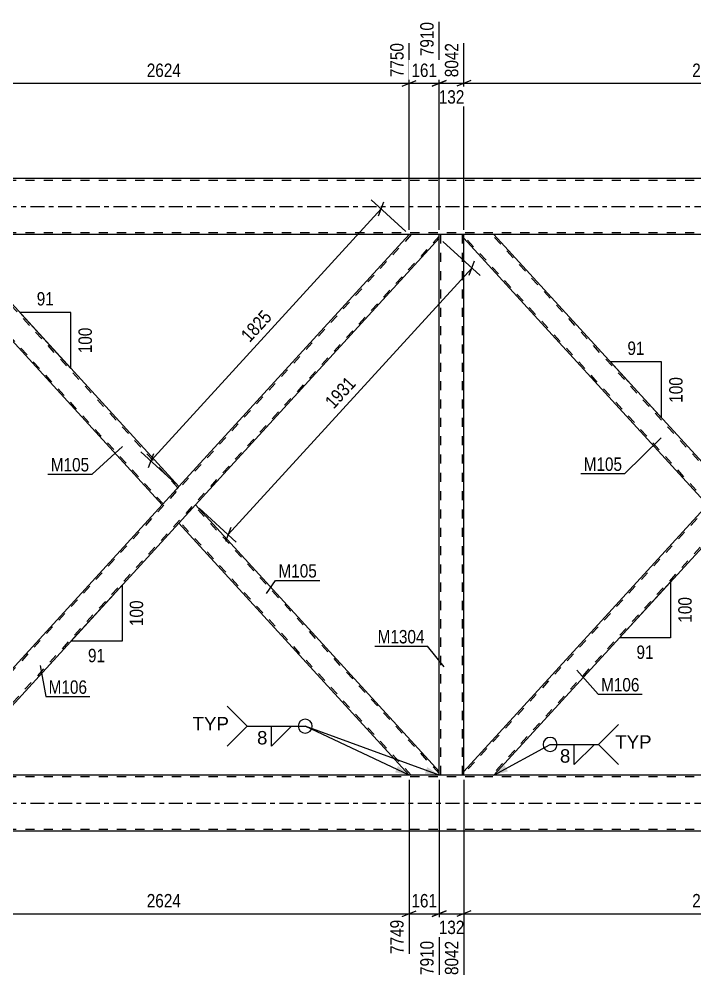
# Model space of a CAD drawing. Header units: millimetres. Extents: x 0 to 841, y 0 to 594.
# Drawn here: x 298.8 to 443.3, y 262.1 to 467.1 of the extents above; entities that cross this region are included whole.
import ezdxf

# ---------------------------------------------------------------- set-up
doc = ezdxf.new("R2010")
doc.units = ezdxf.units.MM
doc.linetypes.add('DXK_LINE_DOT2', pattern=[3.9198, 1.9599, -1.9599])
doc.linetypes.add('DXK_LINE_DOT3', pattern=[5.9187, 2.979, -0.9799, 0.9799, -0.9799])
doc.styles.add('Arial', font='ARIAL.TTF', dxfattribs={"height": 0.2})
doc.styles.add('Arial Narrow', font='ARIALN.TTF', dxfattribs={"height": 0.2})

# ---------------------------------------------------------------- blocks, each defined once
blk = doc.blocks.new('Part-122615941-4391 - 4343')
at = {"color": 7, "linetype": 'DXK_LINE_DOT2'}
for p, q in [((635.22, 305.05), (147.27, 305.05)), ((635.22, 293.85), (147.27, 293.85))]:
    blk.add_line(p, q, dxfattribs=at)
at = {"color": 2, "linetype": 'Continuous'}
for p, q in [((501.41, 305.45), (281.08, 305.45)), ((635.22, 293.45), (147.27, 293.45))]:
    blk.add_line(p, q, dxfattribs=at)
at = {"color": 7, "linetype": 'DXK_LINE_DOT3'}
blk.add_line((147.27, 299.45), (635.22, 299.45), dxfattribs=at)
blk = doc.blocks.new('Part-122615941-4396 - 4343')
at = {"color": 7, "linetype": 'DXK_LINE_DOT2'}
for p, q in [((635.22, 432.65), (147.27, 432.65)), ((635.22, 421.45), (147.27, 421.45))]:
    blk.add_line(p, q, dxfattribs=at)
at = {"color": 2, "linetype": 'Continuous'}
for p, q in [((501.41, 433.05), (281.08, 433.05)), ((635.22, 421.05), (147.27, 421.05))]:
    blk.add_line(p, q, dxfattribs=at)
at = {"color": 7, "linetype": 'DXK_LINE_DOT3'}
blk.add_line((147.27, 427.05), (635.22, 427.05), dxfattribs=at)
blk = doc.blocks.new('Part-122615941-4489 - 4343')
at = {"color": 2, "linetype": 'Continuous'}
for p, q in [((336.49, 363.25), (332.91, 359.34)), ((388.6, 306.25), (336.49, 363.25)), ((382.18, 305.45), (332.91, 359.34)), ((388.6, 305.45), (388.6, 306.25))]:
    blk.add_line(p, q, dxfattribs=at)
at = {"color": 7, "linetype": 'DXK_LINE_DOT2'}
for p, q in [((388.6, 305.77), (336.27, 363.01)), ((333.13, 359.57), (333.14, 359.59)), ((382.61, 305.45), (333.13, 359.57)), ((388.6, 305.45), (382.18, 305.45)), ((388.6, 305.45), (388.6, 305.48))]:
    blk.add_line(p, q, dxfattribs=at)
blk = doc.blocks.new('Part-122615941-4526 - 4343')
at = {"color": 7, "linetype": 'DXK_LINE_DOT2'}
for p, q in [((393.88, 421.05), (388.6, 421.05)), ((388.6, 420.25), (388.6, 421.05)), ((388.92, 305.45), (388.92, 421.05)), ((393.56, 305.45), (393.56, 421.05)), ((393.88, 420.25), (393.88, 421.05)), ((388.6, 305.45), (388.6, 306.25)), ((393.88, 305.45), (393.88, 306.25)), ((393.88, 305.45), (388.6, 305.45))]:
    blk.add_line(p, q, dxfattribs=at)
at = {"color": 2, "linetype": 'Continuous'}
for p, q in [((388.6, 306.25), (388.6, 420.25)), ((393.88, 306.25), (393.88, 420.25))]:
    blk.add_line(p, q, dxfattribs=at)
blk = doc.blocks.new('Part-122615941-4546 - 4343')
at = {"color": 2, "linetype": 'Continuous'}
for p, q in [((393.88, 420.25), (393.88, 421.05)), ((449.58, 367.16), (400.31, 421.05)), ((446, 363.25), (393.88, 420.25)), ((449.58, 367.16), (449.14, 366.69)), ((449.14, 366.69), (446, 363.25))]:
    blk.add_line(p, q, dxfattribs=at)
at = {"color": 7, "linetype": 'DXK_LINE_DOT2'}
for p, q in [((400.31, 421.05), (393.88, 421.05)), ((446.22, 363.48), (393.88, 420.72)), ((449.36, 366.92), (399.87, 421.05)), ((449.54, 367.12), (449.14, 366.69)), ((446.22, 363.48), (446.23, 363.5))]:
    blk.add_line(p, q, dxfattribs=at)
blk = doc.blocks.new('Part-122615941-4551 - 4343')
at = {"color": 7, "linetype": 'DXK_LINE_DOT2'}
for p, q in [((499.28, 421.05), (393.88, 305.77)), ((505.27, 420.72), (399.87, 305.45)), ((505.27, 421.05), (498.85, 421.05)), ((449.58, 367.16), (446, 363.25)), ((453.15, 363.25), (449.58, 359.34)), ((400.31, 305.45), (393.88, 305.45))]:
    blk.add_line(p, q, dxfattribs=at)
at = {"color": 2, "linetype": 'Continuous'}
for p, q in [((498.85, 421.05), (449.58, 367.16)), ((505.27, 420.25), (505.27, 421.05)), ((505.27, 420.25), (453.15, 363.25)), ((446, 363.25), (393.88, 306.25)), ((400.31, 305.45), (449.58, 359.34)), ((393.88, 305.45), (393.88, 306.25))]:
    blk.add_line(p, q, dxfattribs=at)
blk = doc.blocks.new('Part-122615941-4556 - 4343')
at = {"color": 7, "linetype": 'DXK_LINE_DOT2'}
for p, q in [((382.61, 421.05), (277.22, 305.77)), ((388.6, 420.72), (283.21, 305.45)), ((388.6, 421.05), (382.18, 421.05)), ((332.91, 367.16), (329.33, 363.25)), ((336.49, 363.25), (332.91, 359.34)), ((277.75, 306.83), (277.22, 306.25)), ((277.22, 305.45), (277.22, 306.25)), ((283.64, 305.45), (277.22, 305.45))]:
    blk.add_line(p, q, dxfattribs=at)
at = {"color": 2, "linetype": 'Continuous'}
for p, q in [((382.18, 421.05), (332.91, 367.16)), ((388.6, 420.25), (388.6, 421.05)), ((388.6, 420.25), (336.49, 363.25)), ((329.33, 363.25), (277.75, 306.83)), ((332.91, 359.34), (283.64, 305.45))]:
    blk.add_line(p, q, dxfattribs=at)
blk = doc.blocks.new('Part-122615941-4561 - 4343')
at = {"color": 2, "linetype": 'Continuous'}
for p, q in [((277.22, 420.25), (277.22, 421.05)), ((332.91, 367.16), (283.64, 421.05)), ((329.33, 363.25), (277.22, 420.25)), ((332.78, 367.02), (332.48, 366.69)), ((332.91, 367.16), (332.78, 367.02)), ((332.48, 366.69), (329.33, 363.25))]:
    blk.add_line(p, q, dxfattribs=at)
at = {"color": 7, "linetype": 'DXK_LINE_DOT2'}
for p, q in [((283.64, 421.05), (277.22, 421.05)), ((329.55, 363.48), (277.22, 420.72)), ((332.69, 366.92), (283.21, 421.05)), ((332.78, 367.02), (332.69, 366.92)), ((332.64, 366.87), (332.48, 366.69)), ((329.55, 363.48), (329.57, 363.5))]:
    blk.add_line(p, q, dxfattribs=at)
blk = doc.blocks.new('AngleDimension-122615941-10991 - 4343')
at = {"color": 7, "linetype": 'Continuous'}
for p, q in [((304.94, 397.75), (298.87, 404.39)), ((309.8, 404.39), (298.87, 404.39)), ((309.8, 392.44), (298.87, 404.39)), ((309.8, 392.44), (309.8, 404.39))]:
    blk.add_line(p, q, dxfattribs=at)
at = {"color": 0}
for points in [[(306.76, 405.29), (306.76, 409.49), (301.91, 409.49), (301.91, 405.29)], [(314.9, 401.76), (310.7, 401.76), (310.7, 395.07), (314.9, 395.07)]]:
    blk.add_wipeout(points, dxfattribs=at)
at = {"color": 3, "style": 'Arial Narrow'}
blk.add_text('91', height=2.863, dxfattribs=at).set_placement((302.51, 405.89))
blk.add_text('100', height=2.863, rotation=90.0002, dxfattribs=at).set_placement((314.3, 395.67))
blk = doc.blocks.new('AngleDimension-122615941-5263 - 4343')
at = {"color": 7, "linetype": 'Continuous'}
for p, q in [((429.04, 389.62), (425.21, 393.81)), ((436.15, 393.81), (425.21, 393.81)), ((436.15, 381.85), (425.21, 393.81)), ((436.15, 381.85), (436.15, 393.81))]:
    blk.add_line(p, q, dxfattribs=at)
at = {"color": 0}
for points in [[(433.11, 394.71), (433.11, 398.91), (428.25, 398.91), (428.25, 394.71)], [(441.25, 391.17), (437.05, 391.17), (437.05, 384.49), (441.25, 384.49)]]:
    blk.add_wipeout(points, dxfattribs=at)
at = {"color": 3, "style": 'Arial Narrow'}
blk.add_text('91', height=2.863, dxfattribs=at).set_placement((428.85, 395.31))
blk.add_text('100', height=2.863, rotation=90.0002, dxfattribs=at).set_placement((440.65, 385.09))
blk = doc.blocks.new('AngleDimension-122615941-11005 - 4343')
at = {"color": 7, "linetype": 'Continuous'}
for p, q in [((320.76, 346.05), (309.83, 334.09)), ((320.76, 346.05), (320.76, 334.09)), ((318.99, 344.11), (309.83, 334.09)), ((320.76, 334.09), (309.83, 334.09))]:
    blk.add_line(p, q, dxfattribs=at)
at = {"color": 0}
for points in [[(325.86, 343.41), (321.66, 343.41), (321.66, 336.73), (325.86, 336.73)], [(317.72, 328.99), (317.72, 333.19), (312.87, 333.19), (312.87, 328.99)]]:
    blk.add_wipeout(points, dxfattribs=at)
at = {"color": 3, "style": 'Arial Narrow'}
blk.add_text('100', height=2.863, rotation=90.0002, dxfattribs=at).set_placement((325.26, 337.33))
blk.add_text('91', height=2.863, dxfattribs=at).set_placement((313.47, 329.59))
blk = doc.blocks.new('StraightDimension-122615941-7250 - 4343')
at = {"color": 7, "linetype": 'Continuous'}
for p, q in [((277.22, 422.05), (277.22, 462.02)), ((382.18, 422.05), (382.18, 462.02)), ((278.72, 454.01), (275.72, 452.81)), ((277.22, 453.41), (382.18, 453.41)), ((380.68, 452.81), (383.68, 454.01))]:
    blk.add_line(p, q, dxfattribs=at)
at = {"color": 0, "linetype": 'Continuous'}
blk.add_wipeout([(381.58, 462.62), (377.38, 462.62), (377.38, 454.11), (381.58, 454.11)], dxfattribs=at)
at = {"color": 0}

TASK ITEM: Where in the records above does the word "linetypes" appear? Copy each line that holds it.

EXERCISE RESULT:
doc.linetypes.add('DXK_LINE_DOT2', pattern=[3.9198, 1.9599, -1.9599])
doc.linetypes.add('DXK_LINE_DOT3', pattern=[5.9187, 2.979, -0.9799, 0.9799, -0.9799])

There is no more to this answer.